Requires-Dist: pytest-cov<6,>=5.0; extra == "dev"
Requires-Dist: ruff<1,>=0.4; extra == "dev"
Requires-Dist: mypy<2,>=1.10; extra == "dev"
Requires-Dist: types-PyYAML<7,>=6.0; extra == "dev"
Requires-Dist: types-requests<3,>=2.31; extra == "dev"
Requires-Dist: scipy-stubs>=1.11; extra == "dev"
Requires-Dist: scipy<2,>=1.11; extra == "dev"
Requires-Dist: build<2,>=1.0; extra == "dev"
Dynamic: license-file

# codeprobe

Benchmark AI coding agents against **your own codebase**.

Mine real tasks from your repo history, run agents against them, and find out which setup actually works best for **your** code, not someone else's benchmark suite.

## Why codeprobe?

Existing benchmarks (SWE-bench, HumanEval) use fixed task sets that AI models may have memorized from training data, and as general public benchmarks likely don't capture what is most important to your unique workflows. codeprobe mines tasks from **your private repo history**, producing benchmarks that are impossible to contaminate. You can also point the tool at any public repo to mine tasks from.

## Prerequisites

codeprobe orchestrates external AI coding agents — you need at least one installed:

| Agent              | Install                                          | Required env var                |
| ------------------ | ------------------------------------------------ | ------------------------------- |
| **Claude Code**    | [claude.ai/download](https://claude.ai/download) | `ANTHROPIC_API_KEY`             |
| **GitHub Copilot** | `npm install -g @github/copilot-cli` (>= 1.0.4)  | GitHub auth via `gh auth login` |
| **Codex**          | Included via `pip install codeprobe[codex]`      | `OPENAI_API_KEY`                |

You also need:

- **Python 3.11+**
- **Git** (for task mining and worktree isolation)
- **GitHub CLI** (`gh`) — optional, for mining tasks from GitHub PRs with linked issues

The `assess` and `mine --enrich` commands need an LLM for scoring/enrichment. codeprobe auto-detects the best available backend:

| Priority | Backend       | Install                                          | Env var             |
| -------- | ------------- | ------------------------------------------------ | ------------------- |
| 1        | Anthropic SDK | `pip install codeprobe[anthropic]`               | `ANTHROPIC_API_KEY` |
| 2        | OpenAI SDK    | `pip install codeprobe[codex]`                   | `OPENAI_API_KEY`    |
| 3        | Claude CLI    | [claude.ai/download](https://claude.ai/download) | `ANTHROPIC_API_KEY` |

Override with `CODEPROBE_LLM_BACKEND=anthropic|openai|claude-cli`. Without any backend, `assess` falls back to heuristic scoring.

## Quick Start

```bash
pip install codeprobe

cd /path/to/your/repo

codeprobe assess .      # Score benchmarking potential (optional)
codeprobe mine .        # Extract tasks from repo history
codeprobe run .         # Run agents against tasks
codeprobe interpret .   # Get recommendations
```

Prefer driving codeprobe through a coding agent instead?
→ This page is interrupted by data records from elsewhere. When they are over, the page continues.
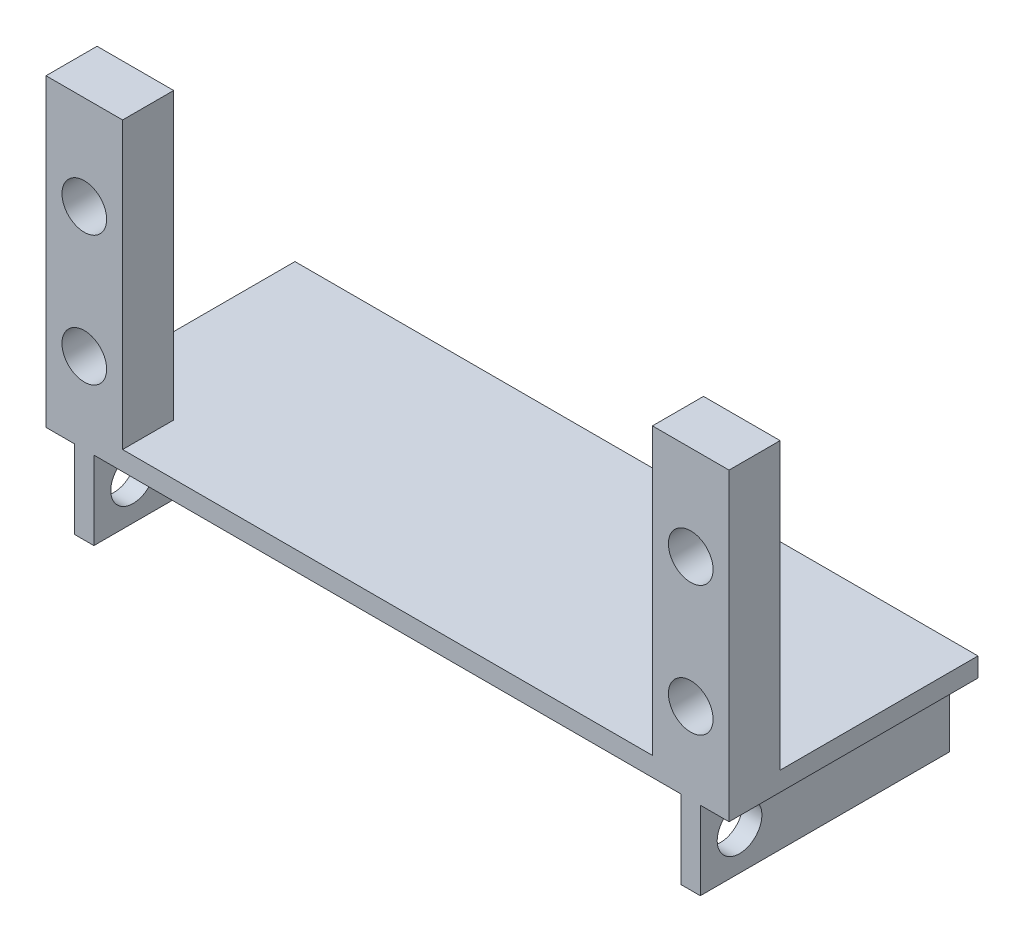
from build123d import *

# Parameters (mm, degrees)
ESQUISSE1_W             = 53.5
ESQUISSE1_H             = 19.5
BOSS_EXTRU_1_DEPTH      = 1.5
ESQUISSE2_W             = 6
ESQUISSE2_H             = 4
BOSS_EXTRU_2_DEPTH      = 22.356
ESQUISSE3_W             = 1.5
ESQUISSE3_H             = 19.5
BOSS_EXTRU_3_DEPTH      = 6.144
ESQUISSE4_W             = 46
ESQUISSE4_H             = 1.5
BOSS_EXTRU_4_DEPTH      = 6.144
ENL_V_MAT_EXTRU_1_REACH = 42.803
ESQUISSE5_R             = 1.75
ESQUISSE6_R             = 1.75
ENL_V_MAT_EXTRU_2_DEPTH = 58.364917293


with BuildPart() as part:
    # Esquisse1 → Boss.-Extru.1 (new body)
    with BuildSketch(Plane(origin=(0, 0, 0), x_dir=(1, 0, 0), z_dir=(0, 1, 0))):
        Rectangle(ESQUISSE1_W, ESQUISSE1_H)
    extrude(amount=BOSS_EXTRU_1_DEPTH)

    # Esquisse2 → Boss.-Extru.2 (add)
    with BuildSketch(Plane(origin=(0, 1.5, 0), x_dir=(1, 0, 0), z_dir=(0, 1, 0))):
        with Locations((-23.75, -7.75)):
            Rectangle(ESQUISSE2_W, ESQUISSE2_H)
        with Locations((23.75, -7.75)):
            Rectangle(ESQUISSE2_W, ESQUISSE2_H)
    extrude(amount=BOSS_EXTRU_2_DEPTH)

    # Esquisse3 → Boss.-Extru.3 (add)
    with BuildSketch(Plane.XZ):
        with Locations((-23.75, 0)):
            Rectangle(ESQUISSE3_W, ESQUISSE3_H)
    boss_extru_3 = extrude(amount=BOSS_EXTRU_3_DEPTH)

    # Symétrie1: Boss.-Extru.3 across plane
    add(boss_extru_3.mirror(Plane(origin=(0, 0, 0), x_dir=(0, 0, 1), z_dir=(1, 0, 0))))

    # Esquisse4 → Boss.-Extru.4 (add)
    with BuildSketch(Plane(origin=(0, 0, 0), x_dir=(-1, 0, 0), z_dir=(0, -1, 0))):
        with Locations((0, 9)):
            Rectangle(ESQUISSE4_W, ESQUISSE4_H)
    extrude(amount=BOSS_EXTRU_4_DEPTH)

    # Esquisse5 → Enlèv. mat.-Extru.1 (cut, up to next)
    with BuildSketch(Plane.XY.offset(9.75), mode=Mode.PRIVATE) as enl_v_mat_extru_1_sk1:
        with Locations((-23.75, 6.326)):
            Circle(ESQUISSE5_R)
    enl_v_mat_extru_1_tool1 = extrude(enl_v_mat_extru_1_sk1.sketch, amount=-ENL_V_MAT_EXTRU_1_REACH, mode=Mode.PRIVATE) & part.part
    # Esquisse5 → Enlèv. mat.-Extru.1 (cut, up to next)
    with BuildSketch(Plane.XY.offset(9.75), mode=Mode.PRIVATE) as enl_v_mat_extru_1_sk2:
        with Locations((-23.75, 16.486)):
            Circle(ESQUISSE5_R)
    enl_v_mat_extru_1_tool2 = extrude(enl_v_mat_extru_1_sk2.sketch, amount=-ENL_V_MAT_EXTRU_1_REACH, mode=Mode.PRIVATE) & part.part
    enl_v_mat_extru_1_1 = enl_v_mat_extru_1_tool1.solids().sort_by_distance((-23.75, 6.326, 9.75))[0]
    add(enl_v_mat_extru_1_1, mode=Mode.SUBTRACT)
    enl_v_mat_extru_1_2 = enl_v_mat_extru_1_tool2.solids().sort_by_distance((-23.75, 16.486, 9.75))[0]
    add(enl_v_mat_extru_1_2, mode=Mode.SUBTRACT)
    enl_v_mat_extru_1 = enl_v_mat_extru_1_1 + enl_v_mat_extru_1_2  # Enlèv. mat.-Extru.1 as one shape, for the pattern or mirror that repeats it

    # Symétrie2: Enlèv. mat.-Extru.1 across plane
    add(enl_v_mat_extru_1.mirror(Plane(origin=(0, 0, 0), x_dir=(0, 0, 1), z_dir=(1, 0, 0))), mode=Mode.SUBTRACT)

    # Esquisse6 → Enlèv. mat.-Extru.2 (cut, through all)
    with BuildSketch(Plane.ZY.offset(24.5)):
        with Locations((6.678, -3.072)):
            Circle(ESQUISSE6_R)
    extrude(amount=-ENL_V_MAT_EXTRU_2_DEPTH, mode=Mode.SUBTRACT)


solid = part.part

See [docs/workflows/with-agents.md](docs/workflows/with-agents.md) for the skills-based workflow (`/experiment`, `/assess-codebase`, `/interpret`).

## Commands

| Command                    | Purpose                                          |
| -------------------------- | ------------------------------------------------ |
| `codeprobe assess`         | Score a codebase's benchmarking potential        |
| `codeprobe init`           | Interactive wizard — choose what to compare      |
| `codeprobe mine`           | Mine eval tasks from merged PRs/MRs              |
| `codeprobe probe`          | Generate fast micro-benchmark probes (30s each)  |
| `codeprobe experiment`     | Manage comparison experiments (init, add-config) |
| `codeprobe run`            | Execute tasks against AI agents                  |
| `codeprobe interpret`      | Analyze results, rank configurations             |
| `codeprobe doctor`         | Check environment readiness (agents, keys, git)  |
| `codeprobe preambles list` | List available preambles at all search levels    |
| `codeprobe oracle-check`   | Compare agent answer against oracle ground truth |
| `codeprobe scaffold`       | Create/validate eval task directories            |
| `codeprobe ratings`        | Record and analyze agent session quality ratings |

## Two Ways to Generate Tasks

### 1. SDLC Tasks (from merged PRs)

Mine real code-change tasks from your git history. Agents must reproduce known fixes and features.

```bash
codeprobe mine . --count 10 --source github
codeprobe mine . --count 5 --min-files 4    # Harder tasks (more files changed)
codeprobe mine . --enrich                    # LLM-enriched instructions
```

### 2. Micro-Benchmark Probes

Fast exact-match tasks (30s each) that test code navigation and comprehension — no agent sandbox needed.

```bash
codeprobe probe . -n 10 -l python -s 42 -o ./probes
```

Generates four probe types: find-function, count-callers, return-type, module-dependency.

## Curation Workflows

End-to-end flows from a raw repo to ranked agent results. Each workflow covers the full `assess → mine → validate → run → interpret` pipeline.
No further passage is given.